A faithful copy of the data is the goal; set it down exactly, without the images.
(Beginning of DATASET RECORDS)
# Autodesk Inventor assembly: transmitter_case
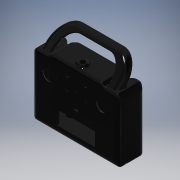
[picture p0: Inventor's stored thumbnail of the model, 180x180]
Saved by Autodesk Inventor 2019.4 (Build 234330000, 330)
## iProperties
Created: 2020-07-20
Part Number: transmitter_case
Document SubType Name: Assembly
Designer: alex_
Author: alex_
## Documents named in this file (4)
- G:\3D Modelling\3D Models\Spitfire Transmitter\transmitter_case.iam
- G:\3D Modelling\3D Models\Spitfire Transmitter\transmitter_case_bottom.ipt
- G:\3D Modelling\3D Models\Spitfire Transmitter\transmitter_case_top.ipt
- G:\3D Modelling\3D Models\Spitfire Transmitter\battery_cover.ipt
## Components (3 placed, 3 different names)
1. transmitter_case_bottom:1 — Rigid:2, Rigid:3
2. transmitter_case_top:1 — Rigid:3
3. battery_cover:1 — Rigid:2
## Relationships (2: WeldJoint 2)
- Rigid:2 [WeldJoint]: transmitter_case_bottom:1 ↔ battery_cover:1
- Rigid:3 [WeldJoint]: transmitter_case_bottom:1 ↔ transmitter_case_top:1
(End of DATASET RECORDS)
| RESULT |
# Autodesk Inventor assembly: transmitter_case
[picture p0: Inventor's stored thumbnail of the model, 180x180]
Saved by Autodesk Inventor 2019.4 (Build 234330000, 330)
## iProperties
Created: 2020-07-20
Part Number: transmitter_case
Document SubType Name: Assembly
Designer: alex_
Author: alex_
## Documents named in this file (4)
- G:\3D Modelling\3D Models\Spitfire Transmitter\transmitter_case.iam
- G:\3D Modelling\3D Models\Spitfire Transmitter\transmitter_case_bottom.ipt
- G:\3D Modelling\3D Models\Spitfire Transmitter\transmitter_case_top.ipt
- G:\3D Modelling\3D Models\Spitfire Transmitter\battery_cover.ipt
## Components (3 placed, 3 different names)
1. transmitter_case_bottom:1 — Rigid:2, Rigid:3
2. transmitter_case_top:1 — Rigid:3
3. battery_cover:1 — Rigid:2
## Relationships (2: WeldJoint 2)
- Rigid:2 [WeldJoint]: transmitter_case_bottom:1 ↔ battery_cover:1
- Rigid:3 [WeldJoint]: transmitter_case_bottom:1 ↔ transmitter_case_top:1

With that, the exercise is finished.